In case you are not interested in the delivery reports don't specify any callback, or in case you want to receive the 
delivery reports only in case of errors you have to specify a callback and set `delivery_report_only_error` on `true`.

##### Message queues

The produced messages are queued in memory based on (`queue_buffering_max_messages` and `queue_buffering_max_kbytes`), 
until they are delivered and acknowledged by the kafka broker, once the memory queue it's full there are three options defined by (`queue_buffering_overflow_strategy`) :

- `local_disk_queue` (default) - records are persisted on local disk and once there is enough space are sent to memory queue
- `block_calling_process` - calling process it's blocked until there is enough room into the memory queue 
- `drop_records` - records are dropped in case the memory queue is full
 
### Consumer API:

The following example creates a consumer group that will consume messages from `benchmark` topic. For each topic and partition
the application will spawn an erlang process that will pull the messages. 

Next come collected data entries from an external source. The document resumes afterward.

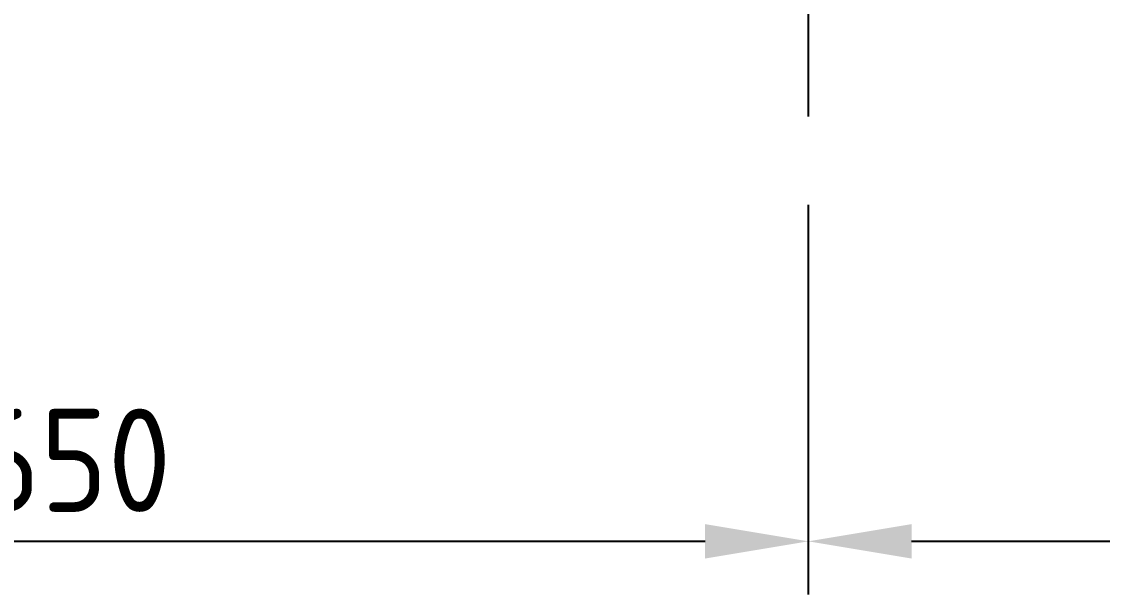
# Model space of a CAD drawing. Extents: x -17.4 to 61.4, y -22.6 to 16.1.
# Drawn here: x 23.027 to 24.86, y -0.117 to 0.854 of the extents above; entities that cross this region are included whole.
import ezdxf

# ---------------------------------------------------------------- set-up
doc = ezdxf.new("R2010")
doc.units = 0
doc.header["$LTSCALE"] = 2
doc.linetypes.add('CENTER2', pattern=[1.125, 0.75, -0.125, 0.125, -0.125])
doc.layers.get('0').update_dxf_attribs({"linetype": 'CONTINUOUS'})
doc.styles.get("Standard").update_dxf_attribs({"font": 'isocp.shx'})
doc.dimstyles.new('SYSTRA50', dxfattribs={"dimscale": 0.05, "dimtxt": 3.5, "dimasz": 3.5, "dimexe": 1.8, "dimexo": 3, "dimgap": 1, "dimtad": 1, "dimdec": 3, "dimzin": 0, "dimdsep": 46, "dimtxsty": 'Standard', "dimcen": 1, "dimclrd": 10, "dimclre": 10, "dimclrt": 50, "dimadec": 0, "dimazin": 0, "dimtfac": 1, "dimtdec": 3, "dimtix": 1, "dimtmove": 2, "dimatfit": 3, "dimfxl": 1, "dimtolj": 1, "dimtzin": 0, "dimarcsym": 0})

# ---------------------------------------------------------------- blocks, each defined once
blk = doc.blocks.new('*D62')
at = {"color": 10, "lineweight": -2, "transparency": 16777216}
for p, q in [((24.3609, 0.5436), (24.3609, -0.1173)), ((28.3609, 0.5436), (28.3609, -0.1173)), ((28.1859, -0.0273), (24.5359, -0.0273))]:
    blk.add_line(p, q, dxfattribs=at)
at = {"color": 10, "transparency": 16777216}
for points in [[(24.5359, 0.0019), (24.5359, -0.0565), (24.3609, -0.0273)], [(28.1859, 0.0019), (28.1859, -0.0565), (28.3609, -0.0273)]]:
    blk.add_solid(points, dxfattribs=at)
at = {"color": 50, "transparency": 16777216, "insert": (26.3609, 0.1102), "char_height": 0.175, "attachment_point": 5}
blk.add_mtext('\\A1;4.000', dxfattribs=at)
blk = doc.blocks.new('*D63')
at = {"color": 10, "lineweight": -2, "transparency": 16777216}
for p, q in [((21.7109, 0.5436), (21.7109, -0.1173)), ((24.3609, 0.5436), (24.3609, -0.1173)), ((24.1859, -0.0273), (21.8859, -0.0273))]:
    blk.add_line(p, q, dxfattribs=at)
at = {"color": 10, "transparency": 16777216}
for points in [[(21.8859, 0.0019), (21.8859, -0.0565), (21.7109, -0.0273)], [(24.1859, 0.0019), (24.1859, -0.0565), (24.3609, -0.0273)]]:
    blk.add_solid(points, dxfattribs=at)
at = {"color": 50, "transparency": 16777216, "insert": (23.0359, 0.1102), "char_height": 0.175, "attachment_point": 5}
blk.add_mtext('\\A1;2.650', dxfattribs=at)

msp = doc.modelspace()

# ---------------------------------------------------------------- linework, layer by layer
at = {"color": 1, "linetype": 'CENTER2'}
msp.add_line((24.3609, 6.2508), (24.3609, 0.6936), dxfattribs=at)

# ---------------------------------------------------------------- dimensions: what is measured, and where the dimension line sits
for base, p1, p2, picture, middle in [((21.7109, -0.0273), (24.3609, 0.6936), (21.7109, 0.6936), '*D63', (23.0359, 0.1102)), ((24.3609, -0.0273), (28.3609, 0.6936), (24.3609, 0.6936), '*D62', (26.3609, 0.1102))]:
    dim = msp.add_linear_dim(base=base, p1=p1, p2=p2, angle=180, dimstyle='SYSTRA50')
    dim.commit()
    dim.dimension.update_dxf_attribs({"geometry": picture, "text_midpoint": middle})

doc.saveas('drawing.dxf')

Each time the rebalance process takes place the process it's restarted so the `init/4` method will be called again. In case the
`handle_message/2` it's returning `{ok, State}` then the message is considered processed and the offset is stored to be committed
based on `auto_commit_interval_ms` setting. In case you want to mark an error but also to update the state you can use `{error, Reason, NewState}`,
basically the event for the same message will be triggered again but with the new state.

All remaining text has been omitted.